Anova Table

Definition and Classes of ANOVA Table

 

Anova Table

Anova Table

The ANOVA Table stands for Analysis of Variance which is used as a statistical technique or test in detecting the differences in population means, or whether or not the means of different groups are all equal when you have more than two populations.  It gets its name ANOVA not from what it does, but how it is done.  ANOVA uses variance samples to find out the differences between population means.  Sir Ronald Fisher introduced this term in 1918.  In 1921 his first application of the analysis of variance or ANOVA was published.  Then it became known when it was included in Fisher’s 1925 book Statistical Methods for Research Workers.  ANOVA is very helpful because they have an advantage over a two-sample t-test which when used increases your chances of committing an error.

 

The three classes of ANOVA Table models are: Fixed-effects models that assume that the data came from normal populations.  Random effects models assume that the data describes a hierarchy of different populations wherein their differences are limited by the hierarchy.
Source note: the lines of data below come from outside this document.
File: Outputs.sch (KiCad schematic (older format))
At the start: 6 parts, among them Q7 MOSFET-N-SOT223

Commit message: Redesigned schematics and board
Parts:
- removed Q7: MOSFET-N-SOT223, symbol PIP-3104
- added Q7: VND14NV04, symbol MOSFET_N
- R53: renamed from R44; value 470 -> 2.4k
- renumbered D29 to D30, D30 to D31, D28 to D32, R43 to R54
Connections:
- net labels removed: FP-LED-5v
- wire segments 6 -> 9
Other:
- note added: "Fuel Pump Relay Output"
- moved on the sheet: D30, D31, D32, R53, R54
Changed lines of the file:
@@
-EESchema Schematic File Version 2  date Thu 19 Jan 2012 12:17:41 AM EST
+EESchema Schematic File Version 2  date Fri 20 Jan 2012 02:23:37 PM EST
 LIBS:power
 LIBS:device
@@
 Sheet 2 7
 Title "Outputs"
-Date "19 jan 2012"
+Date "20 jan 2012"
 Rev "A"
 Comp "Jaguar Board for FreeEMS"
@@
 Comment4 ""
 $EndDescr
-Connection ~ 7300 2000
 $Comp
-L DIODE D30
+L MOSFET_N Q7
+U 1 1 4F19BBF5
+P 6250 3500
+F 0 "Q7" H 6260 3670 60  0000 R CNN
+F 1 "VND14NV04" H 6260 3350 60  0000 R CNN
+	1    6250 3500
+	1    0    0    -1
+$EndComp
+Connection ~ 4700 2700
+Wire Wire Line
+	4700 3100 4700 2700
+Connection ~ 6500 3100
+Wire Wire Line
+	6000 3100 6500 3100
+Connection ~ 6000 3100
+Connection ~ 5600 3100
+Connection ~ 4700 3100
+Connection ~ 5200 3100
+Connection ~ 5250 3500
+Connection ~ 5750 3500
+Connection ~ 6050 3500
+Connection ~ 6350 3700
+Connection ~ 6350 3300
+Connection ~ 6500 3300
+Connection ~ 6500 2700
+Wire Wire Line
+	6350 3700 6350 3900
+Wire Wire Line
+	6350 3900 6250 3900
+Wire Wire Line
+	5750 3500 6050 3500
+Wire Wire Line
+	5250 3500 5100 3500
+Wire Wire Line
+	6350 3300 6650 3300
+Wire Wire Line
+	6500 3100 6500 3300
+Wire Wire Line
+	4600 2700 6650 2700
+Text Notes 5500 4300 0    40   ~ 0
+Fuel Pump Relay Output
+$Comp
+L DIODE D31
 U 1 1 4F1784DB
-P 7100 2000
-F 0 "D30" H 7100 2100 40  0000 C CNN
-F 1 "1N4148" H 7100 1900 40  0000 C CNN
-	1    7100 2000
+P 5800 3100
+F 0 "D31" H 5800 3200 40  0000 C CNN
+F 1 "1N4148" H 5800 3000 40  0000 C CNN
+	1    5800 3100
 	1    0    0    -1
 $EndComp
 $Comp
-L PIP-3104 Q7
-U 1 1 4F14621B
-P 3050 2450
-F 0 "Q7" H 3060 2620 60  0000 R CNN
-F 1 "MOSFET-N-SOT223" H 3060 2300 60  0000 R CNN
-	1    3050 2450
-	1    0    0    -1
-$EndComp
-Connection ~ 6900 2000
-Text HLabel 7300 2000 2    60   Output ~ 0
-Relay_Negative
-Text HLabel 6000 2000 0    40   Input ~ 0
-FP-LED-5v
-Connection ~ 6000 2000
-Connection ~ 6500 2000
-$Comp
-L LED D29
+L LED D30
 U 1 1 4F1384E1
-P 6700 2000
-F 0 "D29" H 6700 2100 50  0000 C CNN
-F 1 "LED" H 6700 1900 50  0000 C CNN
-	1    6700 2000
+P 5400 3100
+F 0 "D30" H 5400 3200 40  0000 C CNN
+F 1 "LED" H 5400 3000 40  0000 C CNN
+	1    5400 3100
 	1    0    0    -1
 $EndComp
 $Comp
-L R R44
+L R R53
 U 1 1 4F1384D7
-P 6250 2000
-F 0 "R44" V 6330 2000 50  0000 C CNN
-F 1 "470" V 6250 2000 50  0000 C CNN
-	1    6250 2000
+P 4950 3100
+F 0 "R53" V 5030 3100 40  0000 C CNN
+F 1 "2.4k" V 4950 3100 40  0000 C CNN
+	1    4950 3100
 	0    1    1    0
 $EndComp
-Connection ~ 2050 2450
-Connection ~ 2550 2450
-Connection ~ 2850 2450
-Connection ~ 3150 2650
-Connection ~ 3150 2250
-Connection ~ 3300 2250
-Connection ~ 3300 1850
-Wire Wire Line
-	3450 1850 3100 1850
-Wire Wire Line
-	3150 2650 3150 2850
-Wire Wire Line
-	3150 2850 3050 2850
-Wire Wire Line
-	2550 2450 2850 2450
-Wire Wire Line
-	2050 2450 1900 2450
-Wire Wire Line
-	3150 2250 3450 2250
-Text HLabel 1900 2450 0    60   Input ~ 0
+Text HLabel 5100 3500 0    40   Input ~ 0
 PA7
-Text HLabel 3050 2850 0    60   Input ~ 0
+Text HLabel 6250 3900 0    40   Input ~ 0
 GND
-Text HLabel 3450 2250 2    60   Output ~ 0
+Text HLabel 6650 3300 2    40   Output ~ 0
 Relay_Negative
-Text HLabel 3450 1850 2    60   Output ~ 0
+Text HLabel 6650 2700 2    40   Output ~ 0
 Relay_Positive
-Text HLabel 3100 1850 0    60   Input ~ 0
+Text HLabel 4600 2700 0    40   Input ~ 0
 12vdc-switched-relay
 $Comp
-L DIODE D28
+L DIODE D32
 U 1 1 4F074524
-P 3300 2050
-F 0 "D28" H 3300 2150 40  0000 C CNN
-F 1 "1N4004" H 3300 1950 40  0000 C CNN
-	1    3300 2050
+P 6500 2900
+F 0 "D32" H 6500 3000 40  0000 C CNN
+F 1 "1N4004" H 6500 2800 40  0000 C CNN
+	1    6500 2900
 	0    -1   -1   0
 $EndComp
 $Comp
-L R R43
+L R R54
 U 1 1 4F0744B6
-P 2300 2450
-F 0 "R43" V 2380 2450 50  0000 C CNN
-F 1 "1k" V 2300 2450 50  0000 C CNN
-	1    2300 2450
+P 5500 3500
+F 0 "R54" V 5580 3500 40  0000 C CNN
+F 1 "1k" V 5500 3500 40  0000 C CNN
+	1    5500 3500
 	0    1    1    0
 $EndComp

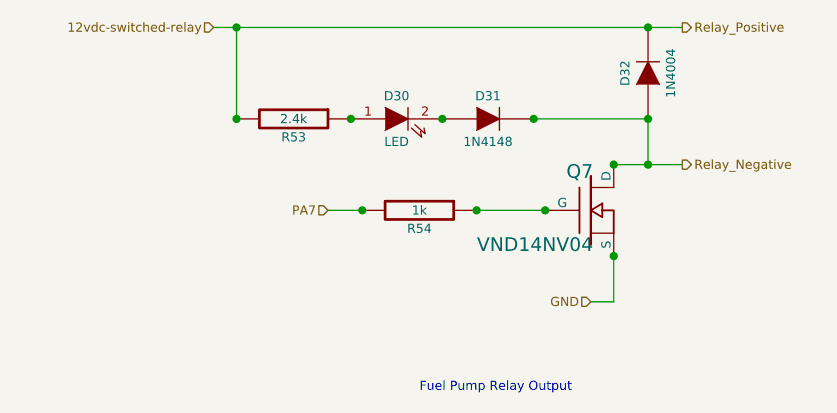
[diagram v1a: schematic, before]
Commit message: Updated Schematics, created new PDF, completed board layout and routing
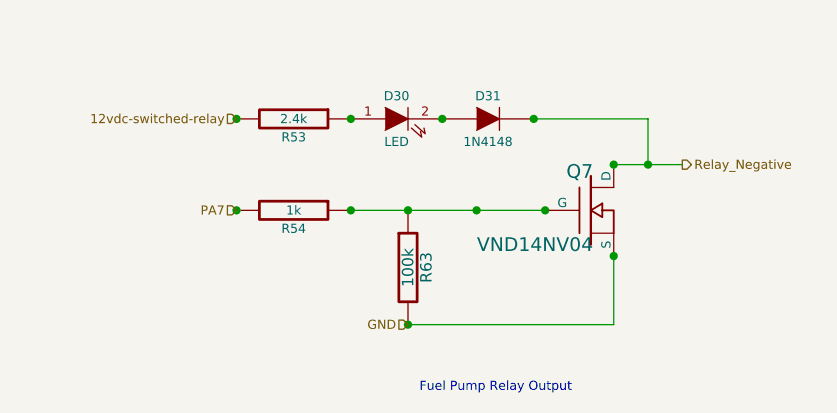
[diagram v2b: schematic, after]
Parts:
- removed D32: 1N4004, symbol DIODE
- added R63: 100k, symbol R
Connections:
- net GND: now also R63.2
- net at Q7.G, R54.1: now also R63.1
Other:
- moved on the sheet: R54
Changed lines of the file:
@@
-EESchema Schematic File Version 2  date Fri 20 Jan 2012 02:23:37 PM EST
+EESchema Schematic File Version 2  date Sun 22 Jan 2012 12:58:37 AM EST
 LIBS:power
 LIBS:device
@@
 Sheet 2 7
 Title "Outputs"
-Date "20 jan 2012"
+Date "22 jan 2012"
 Rev "A"
 Comp "Jaguar Board for FreeEMS"
@@
 Comment4 ""
 $EndDescr
+Connection ~ 4700 3500
+Connection ~ 5200 3500
+Connection ~ 5450 3500
+Connection ~ 5450 4000
+Wire Wire Line
+	6350 3700 6350 4000
+Wire Wire Line
+	6350 4000 5450 4000
+Wire Wire Line
+	5200 3500 6050 3500
+Wire Wire Line
+	6000 3100 6500 3100
+Connection ~ 6000 3100
+Connection ~ 5600 3100
+Connection ~ 4700 3100
+Connection ~ 5200 3100
+Connection ~ 5750 3500
+Connection ~ 6050 3500
+Connection ~ 6350 3700
+Connection ~ 6350 3300
+Connection ~ 6500 3300
+Wire Wire Line
+	6350 3300 6650 3300
+Wire Wire Line
+	6500 3100 6500 3300
+$Comp
+L R R63
+U 1 1 4F1AF0F6
+P 5450 3750
+F 0 "R63" V 5530 3750 50  0000 C CNN
+F 1 "100k" V 5450 3750 50  0000 C CNN
+	1    5450 3750
+	1    0    0    -1
+$EndComp
 $Comp
 L MOSFET_N Q7
@@
 	1    0    0    -1
 $EndComp
-Connection ~ 4700 2700
-Wire Wire Line
-	4700 3100 4700 2700
-Connection ~ 6500 3100
-Wire Wire Line
-	6000 3100 6500 3100
-Connection ~ 6000 3100
-Connection ~ 5600 3100
-Connection ~ 4700 3100
-Connection ~ 5200 3100
-Connection ~ 5250 3500
-Connection ~ 5750 3500
-Connection ~ 6050 3500
-Connection ~ 6350 3700
-Connection ~ 6350 3300
-Connection ~ 6500 3300
-Connection ~ 6500 2700
-Wire Wire Line
-	6350 3700 6350 3900
-Wire Wire Line
-	6350 3900 6250 3900
-Wire Wire Line
-	5750 3500 6050 3500
-Wire Wire Line
-	5250 3500 5100 3500
-Wire Wire Line
-	6350 3300 6650 3300
-Wire Wire Line
-	6500 3100 6500 3300
-Wire Wire Line
-	4600 2700 6650 2700
 Text Notes 5500 4300 0    40   ~ 0
 Fuel Pump Relay Output
@@
 	0    1    1    0
 $EndComp
-Text HLabel 5100 3500 0    40   Input ~ 0
+Text HLabel 4700 3500 0    40   Input ~ 0
 PA7
-Text HLabel 6250 3900 0    40   Input ~ 0
+Text HLabel 5450 4000 0    40   Input ~ 0
 GND
 Text HLabel 6650 3300 2    40   Output ~ 0
 Relay_Negative
-Text HLabel 6650 2700 2    40   Output ~ 0
-Relay_Positive
-Text HLabel 4600 2700 0    40   Input ~ 0
+Text HLabel 4700 3100 0    40   Input ~ 0
 12vdc-switched-relay
-$Comp
-L DIODE D32
-U 1 1 4F074524
-P 6500 2900
-F 0 "D32" H 6500 3000 40  0000 C CNN
-F 1 "1N4004" H 6500 2800 40  0000 C CNN
-	1    6500 2900
-	0    -1   -1   0
-$EndComp
 $Comp
 L R R54
 U 1 1 4F0744B6
-P 5500 3500
-F 0 "R54" V 5580 3500 40  0000 C CNN
-F 1 "1k" V 5500 3500 40  0000 C CNN
-	1    5500 3500
+P 4950 3500
+F 0 "R54" V 5030 3500 40  0000 C CNN
+F 1 "1k" V 4950 3500 40  0000 C CNN
+	1    4950 3500
 	0    1    1    0
 $EndComp

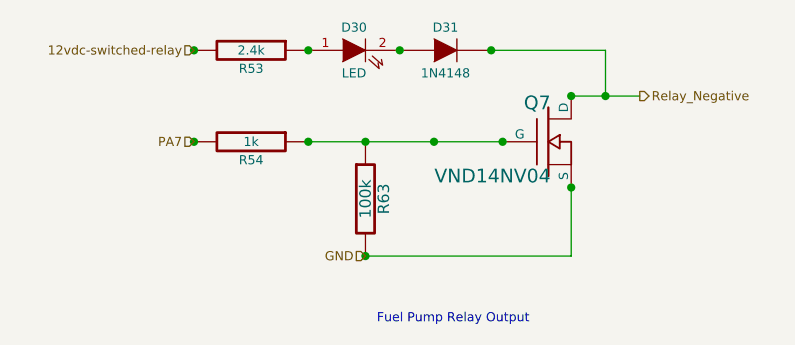
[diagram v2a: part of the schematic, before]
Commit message: Modified: schematics to correct errors
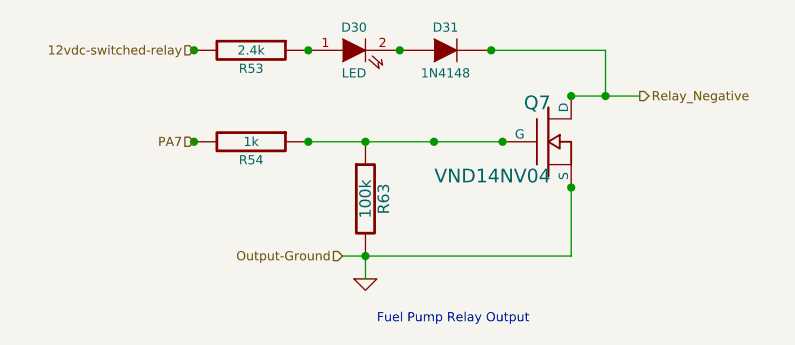
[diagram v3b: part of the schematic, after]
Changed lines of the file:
@@
-EESchema Schematic File Version 2  date Sun 22 Jan 2012 12:58:37 AM EST
+EESchema Schematic File Version 2  date Sun 22 Jan 2012 05:59:51 PM EST
 LIBS:power
 LIBS:device
@@
 Comment4 ""
 $EndDescr
-Connection ~ 4700 3500
-Connection ~ 5200 3500
-Connection ~ 5450 3500
-Connection ~ 5450 4000
+$Comp
+L GND #PWR56
+U 1 1 4F1C4528
+P 5450 4100
+F 0 "#PWR56" H 5450 4100 30  0001 C CNN
+F 1 "GND" H 5450 4030 30  0001 C CNN
+	1    5450 4100
+	1    0    0    -1
+$EndComp
 Wire Wire Line
-	6350 3700 6350 4000
+	5450 4100 5450 4000
 Wire Wire Line
-	6350 4000 5450 4000
+	6500 3300 6500 3100
+Wire Wire Line
+	6350 3300 6650 3300
+Connection ~ 6500 3300
+Connection ~ 6350 3300
+Connection ~ 6350 3700
+Connection ~ 6050 3500
+Connection ~ 5750 3500
+Connection ~ 5200 3100
+Connection ~ 4700 3100
+Connection ~ 5600 3100
+Connection ~ 6000 3100
+Wire Wire Line
+	6500 3100 6000 3100
 Wire Wire Line
 	5200 3500 6050 3500
 Wire Wire Line
-	6000 3100 6500 3100
-Connection ~ 6000 3100
-Connection ~ 5600 3100
-Connection ~ 4700 3100
-Connection ~ 5200 3100
-Connection ~ 5750 3500
-Connection ~ 6050 3500
-Connection ~ 6350 3700
-Connection ~ 6350 3300
-Connection ~ 6500 3300
+	6350 3700 6350 4000
+Connection ~ 5450 4000
+Connection ~ 5450 3500
+Connection ~ 5200 3500
+Connection ~ 4700 3500
 Wire Wire Line
-	6350 3300 6650 3300
-Wire Wire Line
-	6500 3100 6500 3300
+	6350 4000 5350 4000
+Text HLabel 5350 4000 0    40   Input ~ 0
+Output-Ground
 $Comp
 L R R63
@@
 Text HLabel 4700 3500 0    40   Input ~ 0
 PA7
-Text HLabel 5450 4000 0    40   Input ~ 0
-GND
 Text HLabel 6650 3300 2    40   Output ~ 0
 Relay_Negative

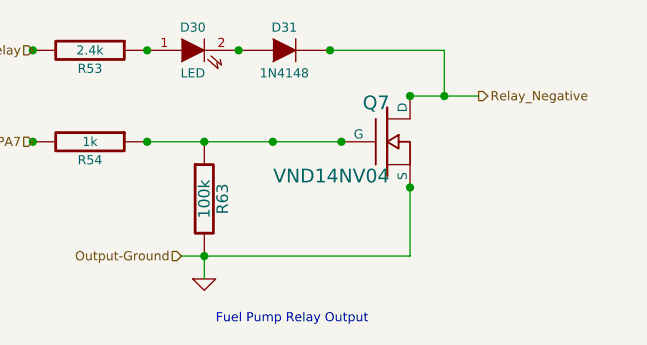
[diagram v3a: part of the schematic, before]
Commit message: Improved schematic, re-design board, re-created PDF
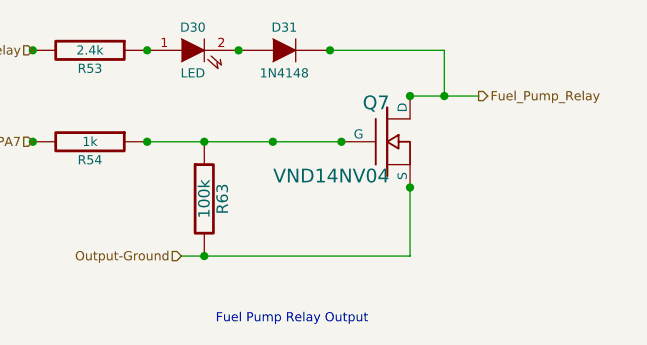
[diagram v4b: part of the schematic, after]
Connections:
- net GND renamed Output-Ground
- net Relay_Negative renamed Fuel_Pump_Relay
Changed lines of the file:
@@
-EESchema Schematic File Version 2  date Sun 22 Jan 2012 05:59:51 PM EST
+EESchema Schematic File Version 2  date Mon 23 Jan 2012 07:28:42 AM EST
 LIBS:power
 LIBS:device
@@
 EELAYER END
 $Descr A4 11700 8267
-Sheet 2 7
-Title "Outputs"
-Date "22 jan 2012"
-Rev "A"
-Comp "Jaguar Board for FreeEMS"
+Sheet 3 7
+Title "Jaguar PCB for FreeEMS"
+Date "23 jan 2012"
+Rev "A.1"
+Comp "diyefi.org"
 Comment1 ""
 Comment2 ""
@@
 Comment4 ""
 $EndDescr
-$Comp
-L GND #PWR56
-U 1 1 4F1C4528
-P 5450 4100
-F 0 "#PWR56" H 5450 4100 30  0001 C CNN
-F 1 "GND" H 5450 4030 30  0001 C CNN
-	1    5450 4100
-	1    0    0    -1
-$EndComp
 Wire Wire Line
-	5450 4100 5450 4000
+	5350 4000 6350 4000
+Connection ~ 4700 3500
+Connection ~ 5200 3500
+Connection ~ 5450 3500
+Connection ~ 5450 4000
 Wire Wire Line
-	6500 3300 6500 3100
-Wire Wire Line
-	6350 3300 6650 3300
-Connection ~ 6500 3300
-Connection ~ 6350 3300
-Connection ~ 6350 3700
-Connection ~ 6050 3500
-Connection ~ 5750 3500
-Connection ~ 5200 3100
-Connection ~ 4700 3100
-Connection ~ 5600 3100
-Connection ~ 6000 3100
-Wire Wire Line
-	6500 3100 6000 3100
+	6350 4000 6350 3700
 Wire Wire Line
 	5200 3500 6050 3500
 Wire Wire Line
-	6350 3700 6350 4000
-Connection ~ 5450 4000
-Connection ~ 5450 3500
-Connection ~ 5200 3500
-Connection ~ 4700 3500
+	6000 3100 6500 3100
+Connection ~ 6000 3100
+Connection ~ 5600 3100
+Connection ~ 4700 3100
+Connection ~ 5200 3100
+Connection ~ 5750 3500
+Connection ~ 6050 3500
+Connection ~ 6350 3700
+Connection ~ 6350 3300
+Connection ~ 6500 3300
 Wire Wire Line
-	6350 4000 5350 4000
+	6350 3300 6650 3300
+Wire Wire Line
+	6500 3100 6500 3300
 Text HLabel 5350 4000 0    40   Input ~ 0
 Output-Ground
@@
 PA7
 Text HLabel 6650 3300 2    40   Output ~ 0
-Relay_Negative
+Fuel_Pump_Relay
 Text HLabel 4700 3100 0    40   Input ~ 0
 12vdc-switched-relay

This ANOVA table model is also used when the treatments are not fixed. And last is the mixed-effect model that describes the situation where both fixed and random effects are known.

 



One-way ANOVA Table is used to test for difference from among three groups since testing the differences for a two-group can be done using a t-test.  To make sure that the results of a one-way ANOVA can be considered reliable, assumptions like response variable must be normally distributed, independent samples, population variances are equal and group responses should be independent and identically distributed should be met.  For the two-way ANOVA Table, which is the extension to the one-way ANOVA, there are two independent variables.  To consider the results as reliable, samples must be independent, groups must have same sample size, population variance must be equal and the populations from which the samples were taken must be normally distributed.